Recent studies published in Europe and North America during the past 3 years have demonstrated an increasing antibiotic resistance among uropathogenic E. coli isolated from either community or hospitalized patients. In particular, increased resistance up to 37% to various penicillins, cephalosporins and cotrimoxazole have been reported in uropathogenic E. coli in certain countries [2,4–6,12,14]. Although most of these studies have observed low rates of fluoroquinolone resistance in uropathogenic E. coli (2%–12%), 2 studies from Spain have recently reported that 22%–27% of uropathogenic E. coli strains were resistant to ciprofloxacin [4,11]. In our study plasmid analysis of representative E. coli isolates showed the presence of a wide range of plasmid sizes, and there were no consistent relationships between plasmid profiles and resistance phenotypes. Partial resistance was mostly transferred in association with a common large plasmid of molecular size 28 kb. The frequency of conjugative R-plasmids was high in association with resistance to 3–7 drugs in E. coli strains. These R-plasmids were found in E. coli isolates from both hospitalized patients and non-hospitalized patients at similar rates (47% and 53% respectively).

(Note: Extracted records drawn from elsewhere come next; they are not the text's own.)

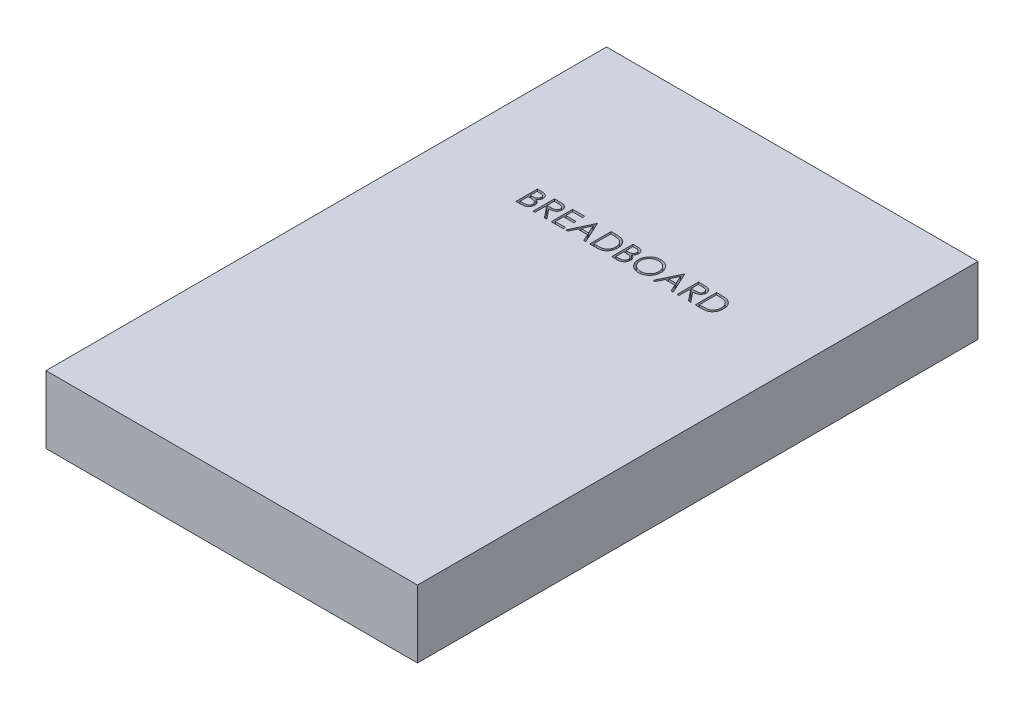
from build123d import *

# Parameters (mm, degrees)
SKETCH1_W           = 55
SKETCH1_H           = 83
BOSS_EXTRUDE1_DEPTH = 10
CUT_EXTRUDE1_DEPTH  = 1


with BuildPart() as part:
    # Sketch1 → Boss-Extrude1 (new body)
    with BuildSketch(Plane(origin=(0, 0, 0), x_dir=(1, 0, 0), z_dir=(0, 1, 0))):
        Rectangle(SKETCH1_W, SKETCH1_H)
    extrude(amount=BOSS_EXTRUDE1_DEPTH)

    # Sketch2 → Cut-Extrude1 (cut)
    # profile 1 of 10: a face of its own
    with BuildSketch(Plane(origin=(0, 10, 0), x_dir=(1, 0, 0), z_dir=(0, 1, 0))):
        with BuildLine():
            Line((-14.40224028, 18.168917942), (-13.78275911, 18.168917942))
            add(Edge.make_bspline(
                [(-13.78275911, 18.168917942), (-13.752434705, 18.168758511), (-13.693658461, 18.168449495), (-13.608187967, 18.16365694), (-13.528133689, 18.157122183), (-13.45347241, 18.146753456), (-13.38423863, 18.134242344), (-13.320223702, 18.11909141), (-13.261631188, 18.100924411), (-13.19167892, 18.072035284), (-13.111922321, 18.02910641), (-13.025563779, 17.965671212), (-12.951718504, 17.888081049), (-12.888049488, 17.800557497), (-12.837429901, 17.70427719), (-12.800809181, 17.601534926), (-12.777624537, 17.493655917), (-12.775240172, 17.419593891), (-12.774035152, 17.382164136)],
                knots=[0, 0, 0, 0, 1.001505555, 1.941167018, 2.826882275, 3.653841531, 4.429895133, 5.150066043, 5.825578002, 6.45369114, 7.647487171, 8.808567382, 9.977351308, 11.170798116, 12.373658725, 13.556498008, 14.765093433, 16, 16, 16, 16], degree=3))
            add(Edge.make_bspline(
                [(-12.774035152, 17.382164136), (-12.775026857, 17.347100746), (-12.776975652, 17.278197879), (-12.795610869, 17.177419651), (-12.82478519, 17.081488188), (-12.865339237, 16.990753596), (-12.918046048, 16.907265961), (-12.98051038, 16.830351798), (-13.055872908, 16.763267625), (-13.112336419, 16.725763706), (-13.141017323, 16.706713415)],
                knots=[0, 0, 0, 0, 1.044552857, 2.05264487, 3.044412934, 4.028983338, 5.005914585, 5.980388656, 6.974128949, 8, 8, 8, 8], degree=3))
            add(Edge.make_bspline(
                [(-13.141017323, 16.706713415), (-13.104948936, 16.69286588), (-13.035941175, 16.666372116), (-12.940976006, 16.619531374), (-12.859156397, 16.568584316), (-12.789853272, 16.512947567), (-12.730582685, 16.452977431), (-12.678827516, 16.387794577), (-12.634666555, 16.316548704), (-12.596826975, 16.23998264), (-12.567300603, 16.158878201), (-12.545188176, 16.07399614), (-12.532517704, 15.985640829), (-12.530714629, 15.92551052), (-12.529804383, 15.895154921)],
                knots=[0, 0, 0, 0, 1.27268992, 2.434971085, 3.483601985, 4.442670788, 5.356604649, 6.2567628, 7.179492994, 8.113709626, 9.066344395, 10.018646069, 10.999752585, 12, 12, 12, 12], degree=3))
            add(Edge.make_bspline(
                [(-12.529804383, 15.895154921), (-12.530690522, 15.864160687), (-12.532434025, 15.803178664), (-12.545297285, 15.713593649), (-12.567076975, 15.62798209), (-12.597077229, 15.545790246), (-12.636231614, 15.467177124), (-12.683881982, 15.392053663), (-12.740697758, 15.321174663), (-12.804254789, 15.253752519), (-12.876156878, 15.193130169), (-12.953731884, 15.139140921), (-13.03795676, 15.09473985), (-13.127448212, 15.057441745), (-13.223210127, 15.028950929), (-13.324812492, 15.009018666), (-13.43216768, 14.995588382), (-13.505836526, 14.994484204), (-13.543616482, 14.993917942)],
                knots=[0, 0, 0, 0, 0.978564426, 1.925352924, 2.850884081, 3.763762016, 4.682927383, 5.618979971, 6.567305752, 7.547517671, 8.540179244, 9.531824382, 10.526200242, 11.540722885, 12.589160233, 13.674978461, 14.80764778, 16, 16, 16, 16], degree=3))
            Line((-13.543616482, 14.993917942), (-14.40224028, 14.993917942))
            Line((-14.40224028, 14.993917942), (-14.40224028, 18.168917942))
        make_face()
        with BuildLine():
            Line((-14.117304383, 17.843276917), (-14.117304383, 16.825648711))
            Line((-14.117304383, 16.825648711), (-13.925863077, 16.825648711))
            add(Edge.make_bspline(
                [(-13.925863077, 16.825648711), (-13.897878812, 16.826011499), (-13.843807511, 16.826712478), (-13.765503033, 16.828720454), (-13.692818195, 16.834342965), (-13.625878461, 16.83996386), (-13.564789244, 16.84910295), (-13.509685884, 16.859981518), (-13.459703585, 16.871486725), (-13.40206414, 16.891053331), (-13.33668368, 16.919970937), (-13.266985078, 16.964848959), (-13.205540238, 17.018301765), (-13.153654218, 17.079979281), (-13.111189527, 17.147893606), (-13.081694942, 17.220961134), (-13.061694906, 17.297360825), (-13.059888302, 17.34981024), (-13.058971049, 17.376439977)],
                knots=[0, 0, 0, 0, 1.156816544, 2.235205308, 3.236616184, 4.169592532, 5.011045266, 5.787822928, 6.49130361, 7.128639758, 8.301311294, 9.436451833, 10.541879658, 11.654887649, 12.756523258, 13.837046038, 14.901820046, 16, 16, 16, 16], degree=3))
            add(Edge.make_bspline(
                [(-13.058971049, 17.376439977), (-13.05944837, 17.394061927), (-13.060384686, 17.428629306), (-13.06805304, 17.479020506), (-13.081086482, 17.526413053), (-13.097827162, 17.571456425), (-13.121221187, 17.612742174), (-13.148765186, 17.651697788), (-13.182044348, 17.686996638), (-13.219924196, 17.719988969), (-13.263474875, 17.749239362), (-13.312670404, 17.774857768), (-13.368176368, 17.795486901), (-13.429057315, 17.813553697), (-13.496250373, 17.826243078), (-13.568980147, 17.836814365), (-13.647842356, 17.84219621), (-13.702402556, 17.842908646), (-13.730605665, 17.843276917)],
                knots=[0, 0, 0, 0, 0.91205012, 1.789085906, 2.630437955, 3.453916878, 4.269457761, 5.079663411, 5.91843418, 6.774407191, 7.675494373, 8.627863946, 9.638891023, 10.736472738, 11.911756761, 13.175263542, 14.539845004, 16, 16, 16, 16], degree=3))
            Line((-13.730605665, 17.843276917), (-14.117304383, 17.843276917))
        make_face(mode=Mode.SUBTRACT)
        with BuildLine():
            Line((-14.117304383, 16.500007686), (-14.117304383, 15.319558968))
            Line((-14.117304383, 15.319558968), (-13.711525136, 15.319558968))
            add(Edge.make_bspline(
                [(-13.711525136, 15.319558968), (-13.682479396, 15.319907082), (-13.626497561, 15.320578025), (-13.545670017, 15.322768371), (-13.470755344, 15.327750649), (-13.402095393, 15.33559367), (-13.338948768, 15.344101263), (-13.282072994, 15.355541497), (-13.231007026, 15.368648768), (-13.171793904, 15.388909053), (-13.105115721, 15.420383709), (-13.033260159, 15.467840185), (-12.969373518, 15.524376329), (-12.915121604, 15.589809373), (-12.870659822, 15.660957791), (-12.83831523, 15.736382501), (-12.818366382, 15.814837229), (-12.815951414, 15.868328461), (-12.81474028, 15.895154921)],
                knots=[0, 0, 0, 0, 1.160039823, 2.235823828, 3.228722157, 4.157150951, 4.99529583, 5.772374946, 6.472645482, 7.099169577, 8.269452708, 9.405989375, 10.527446681, 11.663510218, 12.788923519, 13.866172445, 14.929861265, 16, 16, 16, 16], degree=3))
            add(Edge.make_bspline(
                [(-12.81474028, 15.895154921), (-12.814990746, 15.911931023), (-12.815487638, 15.945212627), (-12.822981196, 15.994121977), (-12.833879492, 16.041498305), (-12.847968722, 16.087470255), (-12.86848781, 16.131206675), (-12.892442318, 16.173572568), (-12.920528733, 16.214623939), (-12.964293083, 16.266523626), (-13.027949098, 16.326319773), (-13.118397387, 16.384864508), (-13.221242257, 16.432079304), (-13.29583434, 16.452126686), (-13.334366682, 16.462482646)],
                knots=[0, 0, 0, 0, 0.723448775, 1.435228256, 2.130040452, 2.821711965, 3.505591119, 4.210454504, 4.921174351, 5.648778258, 7.137944449, 8.670945889, 10.280296675, 12, 12, 12, 12], degree=3))
            add(Edge.make_bspline(
                [(-13.334366682, 16.462482646), (-13.349814505, 16.4656169), (-13.383308571, 16.472412611), (-13.437925448, 16.479586028), (-13.5002787, 16.485976904), (-13.57051231, 16.490704168), (-13.648715137, 16.495590533), (-13.735054199, 16.497490835), (-13.829176906, 16.499758021), (-13.894484273, 16.499922335), (-13.928407147, 16.500007686)],
                knots=[0, 0, 0, 0, 0.634451884, 1.375622551, 2.216452059, 3.157844607, 4.20941857, 5.370758133, 6.634282058, 8, 8, 8, 8], degree=3))
            Line((-13.928407147, 16.500007686), (-14.117304383, 16.500007686))
        make_face(mode=Mode.SUBTRACT)
    # profile 2 of 10: a face of its own
    with BuildSketch(Plane(origin=(0, 10, 0), x_dir=(1, 0, 0), z_dir=(0, 1, 0))):
        with BuildLine():
            Line((-11.878522331, 18.168917942), (-11.243140721, 18.168917942))
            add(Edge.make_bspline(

In conclusion, the results of our study indicate a high-level of antimicrobial resistance to drugs commonly prescribed for urinary tract infections (including norfloxacin) in uropathogenic E. coli isolates in Jordan, particularly in hospitalized patients. Additionally, the common presence of transferable R-plasmids in these E. coli isolates is a potential reservoir for the spread of multiple antibiotic resistance in our Region.

Acknowledgements: We wish to thank our colleagues at the bacteriology laboratory, Jordan University Hospital in Amman for their support in collecting the urine culture results and the E. coli isolates.

This work was supported by a grant from the Deanship of Postgraduate Studies, University of Jordan.